----- Data for this exercise -----
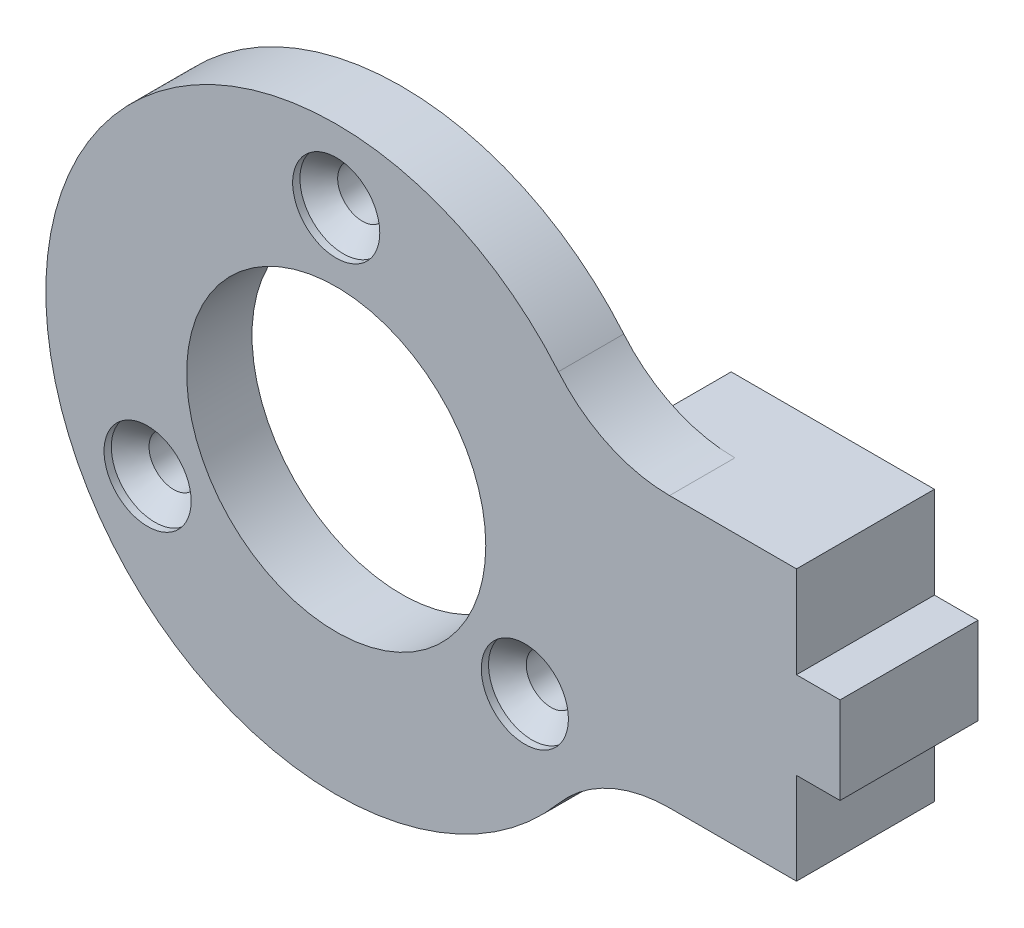
ISO-10303-21;
HEADER;
FILE_DESCRIPTION(('STEP AP214'),'2;1');
FILE_NAME('part.step','',(''),(''),'','','');
FILE_SCHEMA(('AUTOMOTIVE_DESIGN { 1 0 10303 214 1 1 1 1 }'));
ENDSEC;
DATA;
#1=APPLICATION_CONTEXT('core data for automotive mechanical design processes');
#2=APPLICATION_PROTOCOL_DEFINITION('international standard','automotive_design',2000,#1);
#3=PRODUCT_CONTEXT('',#1,'mechanical');
#4=PRODUCT('Part','Part','',(#3));
#5=PRODUCT_RELATED_PRODUCT_CATEGORY('part','',(#4));
#6=PRODUCT_DEFINITION_FORMATION('','',#4);
#7=PRODUCT_DEFINITION_CONTEXT('part definition',#1,'design');
#8=PRODUCT_DEFINITION('design','',#6,#7);
#9=PRODUCT_DEFINITION_SHAPE('','',#8);
#10=(LENGTH_UNIT() NAMED_UNIT(*) SI_UNIT(.MILLI.,.METRE.));
#11=(NAMED_UNIT(*) PLANE_ANGLE_UNIT() SI_UNIT($,.RADIAN.));
#12=(NAMED_UNIT(*) SI_UNIT($,.STERADIAN.) SOLID_ANGLE_UNIT());
#13=UNCERTAINTY_MEASURE_WITH_UNIT(LENGTH_MEASURE(1.E-05),#10,'distance_accuracy_value','');
#14=(GEOMETRIC_REPRESENTATION_CONTEXT(3) GLOBAL_UNCERTAINTY_ASSIGNED_CONTEXT((#13)) GLOBAL_UNIT_ASSIGNED_CONTEXT((#10,
#11,#12)) REPRESENTATION_CONTEXT('',''));
#15=CARTESIAN_POINT('',(0.,0.,0.));
#16=DIRECTION('',(0.,0.,1.));
#17=DIRECTION('',(1.,0.,0.));
#18=AXIS2_PLACEMENT_3D('',#15,#16,#17);
#19=CARTESIAN_POINT('',(0.,0.,0.));
#20=DIRECTION('',(0.,0.,1.));
#21=DIRECTION('',(1.,0.,0.));
#22=AXIS2_PLACEMENT_3D('',#19,#20,#21);
#23=PLANE('',#22);
#24=CARTESIAN_POINT('',(-12.9903810567665,-7.50000000000006,0.));
#25=DIRECTION('',(0.,0.,1.));
#26=DIRECTION('',(1.,0.,0.));
#27=AXIS2_PLACEMENT_3D('',#24,#25,#26);
#28=CIRCLE('',#27,1.7);
#29=CARTESIAN_POINT('',(-11.2903810567665,-7.50000000000006,0.));
#30=VERTEX_POINT('',#29);
#31=EDGE_CURVE('E186',#30,#30,#28,.T.);
#32=ORIENTED_EDGE('',*,*,#31,.T.);
#33=EDGE_LOOP('',(#32));
#34=FACE_BOUND('',#33,.T.);
#35=CARTESIAN_POINT('',(0.,15.,0.));
#36=DIRECTION('',(0.,0.,1.));
#37=DIRECTION('',(1.,0.,0.));
#38=AXIS2_PLACEMENT_3D('',#35,#36,#37);
#39=CIRCLE('',#38,1.7);
#40=CARTESIAN_POINT('',(1.7,15.,0.));
#41=VERTEX_POINT('',#40);
#42=EDGE_CURVE('E194',#41,#41,#39,.T.);
#43=ORIENTED_EDGE('',*,*,#42,.T.);
#44=EDGE_LOOP('',(#43));
#45=FACE_BOUND('',#44,.T.);
#46=CARTESIAN_POINT('',(12.9903810567666,-7.49999999999988,0.));
#47=DIRECTION('',(0.,0.,1.));
#48=DIRECTION('',(1.,0.,0.));
#49=AXIS2_PLACEMENT_3D('',#46,#47,#48);
#50=CIRCLE('',#49,1.7);
#51=CARTESIAN_POINT('',(14.6903810567666,-7.49999999999988,0.));
#52=VERTEX_POINT('',#51);
#53=EDGE_CURVE('E197',#52,#52,#50,.T.);
#54=ORIENTED_EDGE('',*,*,#53,.T.);
#55=EDGE_LOOP('',(#54));
#56=FACE_BOUND('',#55,.T.);
#57=CARTESIAN_POINT('',(0.,0.,0.));
#58=DIRECTION('',(0.,0.,1.));
#59=DIRECTION('',(1.,0.,0.));
#60=AXIS2_PLACEMENT_3D('',#57,#58,#59);
#61=CIRCLE('',#60,10.3);
#62=CARTESIAN_POINT('',(10.3,0.,0.));
#63=VERTEX_POINT('',#62);
#64=EDGE_CURVE('E200',#63,#63,#61,.T.);
#65=ORIENTED_EDGE('',*,*,#64,.T.);
#66=EDGE_LOOP('',(#65));
#67=FACE_BOUND('',#66,.T.);
#68=CARTESIAN_POINT('',(0.,0.,0.));
#69=DIRECTION('',(0.,0.,1.));
#70=DIRECTION('',(1.,0.,0.));
#71=AXIS2_PLACEMENT_3D('',#68,#69,#70);
#72=CIRCLE('',#71,20.);
#73=CARTESIAN_POINT('',(15.3033552020235,12.876619104435,0.));
#74=VERTEX_POINT('',#73);
#75=CARTESIAN_POINT('',(15.3033552020235,-12.876619104435,0.));
#76=VERTEX_POINT('',#75);
#77=EDGE_CURVE('E204',#74,#76,#72,.T.);
#78=ORIENTED_EDGE('',*,*,#77,.F.);
#79=CARTESIAN_POINT('',(22.9550328030353,19.3149286566524,0.));
#80=DIRECTION('',(0.,0.,1.));
#81=DIRECTION('',(1.,0.,0.));
#82=AXIS2_PLACEMENT_3D('',#79,#80,#81);
#83=CIRCLE('',#82,10.);
#84=CARTESIAN_POINT('',(22.9550328030353,9.31492865665245,0.));
#85=VERTEX_POINT('',#84);
#86=EDGE_CURVE('E41',#74,#85,#83,.T.);
#87=ORIENTED_EDGE('',*,*,#86,.T.);
#88=DIRECTION('',(1.,0.,0.));
#89=VECTOR('',#88,1.);
#90=CARTESIAN_POINT('',(0.,9.31492865665244,0.));
#91=LINE('',#90,#89);
#92=CARTESIAN_POINT('',(17.6983644476396,9.31492865665245,0.));
#93=VERTEX_POINT('',#92);
#94=EDGE_CURVE('E48',#93,#85,#91,.T.);
#95=ORIENTED_EDGE('',*,*,#94,.F.);
#96=CARTESIAN_POINT('',(0.,0.,0.));
#97=DIRECTION('',(0.,0.,-1.));
#98=DIRECTION('',(-1.,0.,0.));
#99=AXIS2_PLACEMENT_3D('',#96,#97,#98);
#100=CIRCLE('',#99,20.);
#101=CARTESIAN_POINT('',(17.6983644476396,-9.31492865665245,0.));
#102=VERTEX_POINT('',#101);
#103=EDGE_CURVE('E133',#93,#102,#100,.T.);
#104=ORIENTED_EDGE('',*,*,#103,.T.);
#105=DIRECTION('',(-1.,0.,0.));
#106=VECTOR('',#105,1.);
#107=CARTESIAN_POINT('',(0.,-9.31492865665244,0.));
#108=LINE('',#107,#106);
#109=CARTESIAN_POINT('',(22.9550328030353,-9.31492865665245,0.));
#110=VERTEX_POINT('',#109);
#111=EDGE_CURVE('E120',#110,#102,#108,.T.);
#112=ORIENTED_EDGE('',*,*,#111,.F.);
#113=CARTESIAN_POINT('',(22.9550328030353,-19.3149286566524,0.));
#114=DIRECTION('',(0.,0.,1.));
#115=DIRECTION('',(1.,0.,0.));
#116=AXIS2_PLACEMENT_3D('',#113,#114,#115);
#117=CIRCLE('',#116,10.);
#118=EDGE_CURVE('E251',#110,#76,#117,.T.);
#119=ORIENTED_EDGE('',*,*,#118,.T.);
#120=EDGE_LOOP('',(#78,#87,#95,#104,#112,#119));
#121=FACE_BOUND('',#120,.T.);
#122=ADVANCED_FACE('F33',(#34,#45,#56,#67,#121),#23,.F.);
#123=CARTESIAN_POINT('',(31.6983644476396,9.31492865665245,4.5));
#124=DIRECTION('',(-1.,0.,0.));
#125=DIRECTION('',(0.,0.,1.));
#126=AXIS2_PLACEMENT_3D('',#123,#124,#125);
#127=PLANE('',#126);
#128=DIRECTION('',(0.,0.,-1.));
#129=VECTOR('',#128,1.);
#130=CARTESIAN_POINT('',(31.6983644476396,-3.,0.));
#131=LINE('',#130,#129);
#132=CARTESIAN_POINT('',(31.6983644476396,-3.,4.5));
#133=VERTEX_POINT('',#132);
#134=CARTESIAN_POINT('',(31.6983644476396,-3.,-5.));
#135=VERTEX_POINT('',#134);
#136=EDGE_CURVE('E163',#133,#135,#131,.T.);
#137=ORIENTED_EDGE('',*,*,#136,.F.);
#138=DIRECTION('',(0.,1.,0.));
#139=VECTOR('',#138,1.);
#140=CARTESIAN_POINT('',(31.6983644476396,9.31492865665245,4.5));
#141=LINE('',#140,#139);
#142=CARTESIAN_POINT('',(31.6983644476396,-9.31492865665245,4.5));
#143=VERTEX_POINT('',#142);
#144=EDGE_CURVE('E213',#143,#133,#141,.T.);
#145=ORIENTED_EDGE('',*,*,#144,.F.);
#146=DIRECTION('',(0.,0.,-1.));
#147=VECTOR('',#146,1.);
#148=CARTESIAN_POINT('',(31.6983644476396,-9.31492865665245,4.5));
#149=LINE('',#148,#147);
#150=CARTESIAN_POINT('',(31.6983644476396,-9.31492865665245,-5.));
#151=VERTEX_POINT('',#150);
#152=EDGE_CURVE('E223',#143,#151,#149,.T.);
#153=ORIENTED_EDGE('',*,*,#152,.T.);
#154=DIRECTION('',(0.,-1.,0.));
#155=VECTOR('',#154,1.);
#156=CARTESIAN_POINT('',(31.6983644476396,-9.31492865665245,-5.));
#157=LINE('',#156,#155);
#158=EDGE_CURVE('E158',#135,#151,#157,.T.);
#159=ORIENTED_EDGE('',*,*,#158,.F.);
#160=EDGE_LOOP('',(#137,#145,#153,#159));
#161=FACE_BOUND('',#160,.T.);
#162=ADVANCED_FACE('F284',(#161),#127,.F.);
#163=DIRECTION('',(0.,0.,1.));
#164=VECTOR('',#163,1.);
#165=CARTESIAN_POINT('',(31.6983644476396,3.,4.5));
#166=LINE('',#165,#164);
#167=CARTESIAN_POINT('',(31.6983644476396,3.,-5.));
#168=VERTEX_POINT('',#167);
#169=CARTESIAN_POINT('',(31.6983644476396,3.,4.5));
#170=VERTEX_POINT('',#169);
#171=EDGE_CURVE('E168',#168,#170,#166,.T.);
#172=ORIENTED_EDGE('',*,*,#171,.F.);
#173=DIRECTION('',(0.,-1.,0.));
#174=VECTOR('',#173,1.);
#175=CARTESIAN_POINT('',(31.6983644476396,3.,-5.));
#176=LINE('',#175,#174);
#177=CARTESIAN_POINT('',(31.6983644476396,9.31492865665245,-5.));
#178=VERTEX_POINT('',#177);
#179=EDGE_CURVE('E143',#178,#168,#176,.T.);
#180=ORIENTED_EDGE('',*,*,#179,.F.);
#181=DIRECTION('',(0.,0.,-1.));
#182=VECTOR('',#181,1.);
#183=CARTESIAN_POINT('',(31.6983644476396,9.31492865665245,4.5));
#184=LINE('',#183,#182);
#185=CARTESIAN_POINT('',(31.6983644476396,9.31492865665245,4.5));
#186=VERTEX_POINT('',#185);
#187=EDGE_CURVE('E219',#186,#178,#184,.T.);
#188=ORIENTED_EDGE('',*,*,#187,.F.);
#189=EDGE_CURVE('E212',#170,#186,#141,.T.);
#190=ORIENTED_EDGE('',*,*,#189,.F.);
#191=EDGE_LOOP('',(#172,#180,#188,#190));
#192=FACE_BOUND('',#191,.T.);
#193=ADVANCED_FACE('F276',(#192),#127,.F.);
#194=CARTESIAN_POINT('',(12.9903810567666,-7.49999999999988,4.5));
#195=DIRECTION('',(0.,0.,-1.));
#196=DIRECTION('',(-1.,0.,0.));
#197=AXIS2_PLACEMENT_3D('',#194,#195,#196);
#198=CYLINDRICAL_SURFACE('',#197,1.7);
#199=CARTESIAN_POINT('',(12.9903810567666,-7.49999999999988,2.70000000000002));
#200=DIRECTION('',(0.,0.,1.));
#201=DIRECTION('',(1.,0.,0.));
#202=AXIS2_PLACEMENT_3D('',#199,#200,#201);
#203=CIRCLE('',#202,1.7);
#204=CARTESIAN_POINT('',(14.6903810567666,-7.49999999999988,2.70000000000002));
#205=VERTEX_POINT('',#204);
#206=EDGE_CURVE('E234',#205,#205,#203,.T.);
#207=ORIENTED_EDGE('',*,*,#206,.T.);
#208=EDGE_LOOP('',(#207));
#209=FACE_BOUND('',#208,.T.);
#210=ORIENTED_EDGE('',*,*,#53,.F.);
#211=EDGE_LOOP('',(#210));
#212=FACE_BOUND('',#211,.T.);
#213=ADVANCED_FACE('F370',(#209,#212),#198,.F.);
#214=CARTESIAN_POINT('',(0.,15.,4.5));
#215=DIRECTION('',(0.,0.,-1.));
#216=DIRECTION('',(-1.,0.,0.));
#217=AXIS2_PLACEMENT_3D('',#214,#215,#216);
#218=CYLINDRICAL_SURFACE('',#217,1.7);
#219=CARTESIAN_POINT('',(0.,15.,2.70000000000002));
#220=DIRECTION('',(0.,0.,1.));
#221=DIRECTION('',(1.,0.,0.));
#222=AXIS2_PLACEMENT_3D('',#219,#220,#221);
#223=CIRCLE('',#222,1.7);
#224=CARTESIAN_POINT('',(1.7,15.,2.70000000000002));
#225=VERTEX_POINT('',#224);
#226=EDGE_CURVE('E237',#225,#225,#223,.T.);
#227=ORIENTED_EDGE('',*,*,#226,.T.);
#228=EDGE_LOOP('',(#227));
#229=FACE_BOUND('',#228,.T.);
#230=ORIENTED_EDGE('',*,*,#42,.F.);
#231=EDGE_LOOP('',(#230));
#232=FACE_BOUND('',#231,.T.);
#233=ADVANCED_FACE('F439',(#229,#232),#218,.F.);
#234=CARTESIAN_POINT('',(-12.9903810567665,-7.50000000000006,4.5));
#235=DIRECTION('',(0.,0.,-1.));
#236=DIRECTION('',(-1.,0.,0.));
#237=AXIS2_PLACEMENT_3D('',#234,#235,#236);
#238=CYLINDRICAL_SURFACE('',#237,1.7);
#239=CARTESIAN_POINT('',(-12.9903810567665,-7.50000000000006,2.70000000000002));
#240=DIRECTION('',(0.,0.,1.));
#241=DIRECTION('',(1.,0.,0.));
#242=AXIS2_PLACEMENT_3D('',#239,#240,#241);
#243=CIRCLE('',#242,1.7);
#244=CARTESIAN_POINT('',(-11.2903810567665,-7.50000000000006,2.70000000000002));
#245=VERTEX_POINT('',#244);
#246=EDGE_CURVE('E128',#245,#245,#243,.T.);
#247=ORIENTED_EDGE('',*,*,#246,.T.);
#248=EDGE_LOOP('',(#247));
#249=FACE_BOUND('',#248,.T.);
#250=ORIENTED_EDGE('',*,*,#31,.F.);
#251=EDGE_LOOP('',(#250));
#252=FACE_BOUND('',#251,.T.);
#253=ADVANCED_FACE('F434',(#249,#252),#238,.F.);
#254=CARTESIAN_POINT('',(0.,0.,4.5));
#255=DIRECTION('',(0.,0.,1.));
#256=DIRECTION('',(1.,0.,0.));
#257=AXIS2_PLACEMENT_3D('',#254,#255,#256);
#258=PLANE('',#257);
#259=CARTESIAN_POINT('',(0.,15.,4.5));
#260=DIRECTION('',(0.,0.,1.));
#261=DIRECTION('',(1.,0.,0.));
#262=AXIS2_PLACEMENT_3D('',#259,#260,#261);
#263=CIRCLE('',#262,3.);
#264=CARTESIAN_POINT('',(3.,15.,4.5));
#265=VERTEX_POINT('',#264);
#266=EDGE_CURVE('E183',#265,#265,#263,.T.);
#267=ORIENTED_EDGE('',*,*,#266,.F.);
#268=EDGE_LOOP('',(#267));
#269=FACE_BOUND('',#268,.T.);
#270=CARTESIAN_POINT('',(12.9903810567666,-7.49999999999988,4.5));
#271=DIRECTION('',(0.,0.,1.));
#272=DIRECTION('',(1.,0.,0.));
#273=AXIS2_PLACEMENT_3D('',#270,#271,#272);
#274=CIRCLE('',#273,3.);
#275=CARTESIAN_POINT('',(15.9903810567667,-7.49999999999988,4.5));
#276=VERTEX_POINT('',#275);
#277=EDGE_CURVE('E187',#276,#276,#274,.T.);
#278=ORIENTED_EDGE('',*,*,#277,.F.);
#279=EDGE_LOOP('',(#278));
#280=FACE_BOUND('',#279,.T.);
#281=CARTESIAN_POINT('',(-12.9903810567665,-7.50000000000006,4.5));
#282=DIRECTION('',(0.,0.,1.));
#283=DIRECTION('',(1.,0.,0.));
#284=AXIS2_PLACEMENT_3D('',#281,#282,#283);
#285=CIRCLE('',#284,3.);
#286=CARTESIAN_POINT('',(-9.99038105676654,-7.50000000000006,4.5));
#287=VERTEX_POINT('',#286);
#288=EDGE_CURVE('E182',#287,#287,#285,.T.);
#289=ORIENTED_EDGE('',*,*,#288,.F.);
#290=EDGE_LOOP('',(#289));
#291=FACE_BOUND('',#290,.T.);
#292=CARTESIAN_POINT('',(0.,0.,4.5));
#293=DIRECTION('',(0.,0.,1.));
#294=DIRECTION('',(1.,0.,0.));
#295=AXIS2_PLACEMENT_3D('',#292,#293,#294);
#296=CIRCLE('',#295,10.3);
#297=CARTESIAN_POINT('',(10.3,0.,4.5));
#298=VERTEX_POINT('',#297);
#299=EDGE_CURVE('E201',#298,#298,#296,.T.);
#300=ORIENTED_EDGE('',*,*,#299,.F.);
#301=EDGE_LOOP('',(#300));
#302=FACE_BOUND('',#301,.T.);
#303=DIRECTION('',(-1.,0.,0.));
#304=VECTOR('',#303,1.);
#305=CARTESIAN_POINT('',(17.6983644476396,9.31492865665245,4.5));
#306=LINE('',#305,#304);
#307=CARTESIAN_POINT('',(22.9550328030353,9.31492865665245,4.5));
#308=VERTEX_POINT('',#307);
#309=EDGE_CURVE('E216',#186,#308,#306,.T.);
#310=ORIENTED_EDGE('',*,*,#309,.T.);
#311=CARTESIAN_POINT('',(22.9550328030353,19.3149286566524,4.5));
#312=DIRECTION('',(0.,0.,1.));
#313=DIRECTION('',(1.,0.,0.));
#314=AXIS2_PLACEMENT_3D('',#311,#312,#313);
#315=CIRCLE('',#314,10.);
#316=CARTESIAN_POINT('',(15.3033552020235,12.876619104435,4.5));
#317=VERTEX_POINT('',#316);
#318=EDGE_CURVE('E11',#308,#317,#315,.F.);
#319=ORIENTED_EDGE('',*,*,#318,.T.);
#320=CARTESIAN_POINT('',(0.,0.,4.5));
#321=DIRECTION('',(0.,0.,1.));
#322=DIRECTION('',(1.,0.,0.));
#323=AXIS2_PLACEMENT_3D('',#320,#321,#322);
#324=CIRCLE('',#323,20.);
#325=CARTESIAN_POINT('',(15.3033552020235,-12.876619104435,4.5));
#326=VERTEX_POINT('',#325);
#327=EDGE_CURVE('E207',#317,#326,#324,.T.);
#328=ORIENTED_EDGE('',*,*,#327,.T.);
#329=CARTESIAN_POINT('',(22.9550328030353,-19.3149286566524,4.5));
#330=DIRECTION('',(0.,0.,1.));
#331=DIRECTION('',(1.,0.,0.));
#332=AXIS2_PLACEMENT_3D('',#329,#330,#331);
-----
What is required:
From the records above, quote only the lines running from the line with "#65=ORIENTED_EDGE('',*,*,#64,.T.);" to the line with "#82=AXIS2_PLACEMENT_3D('',#79,#80,#81);", both lines included.

Worked solution:
#65=ORIENTED_EDGE('',*,*,#64,.T.);
#66=EDGE_LOOP('',(#65));
#67=FACE_BOUND('',#66,.T.);
#68=CARTESIAN_POINT('',(0.,0.,0.));
#69=DIRECTION('',(0.,0.,1.));
#70=DIRECTION('',(1.,0.,0.));
#71=AXIS2_PLACEMENT_3D('',#68,#69,#70);
#72=CIRCLE('',#71,20.);
#73=CARTESIAN_POINT('',(15.3033552020235,12.876619104435,0.));
#74=VERTEX_POINT('',#73);
#75=CARTESIAN_POINT('',(15.3033552020235,-12.876619104435,0.));
#76=VERTEX_POINT('',#75);
#77=EDGE_CURVE('E204',#74,#76,#72,.T.);
#78=ORIENTED_EDGE('',*,*,#77,.F.);
#79=CARTESIAN_POINT('',(22.9550328030353,19.3149286566524,0.));
#80=DIRECTION('',(0.,0.,1.));
#81=DIRECTION('',(1.,0.,0.));
#82=AXIS2_PLACEMENT_3D('',#79,#80,#81);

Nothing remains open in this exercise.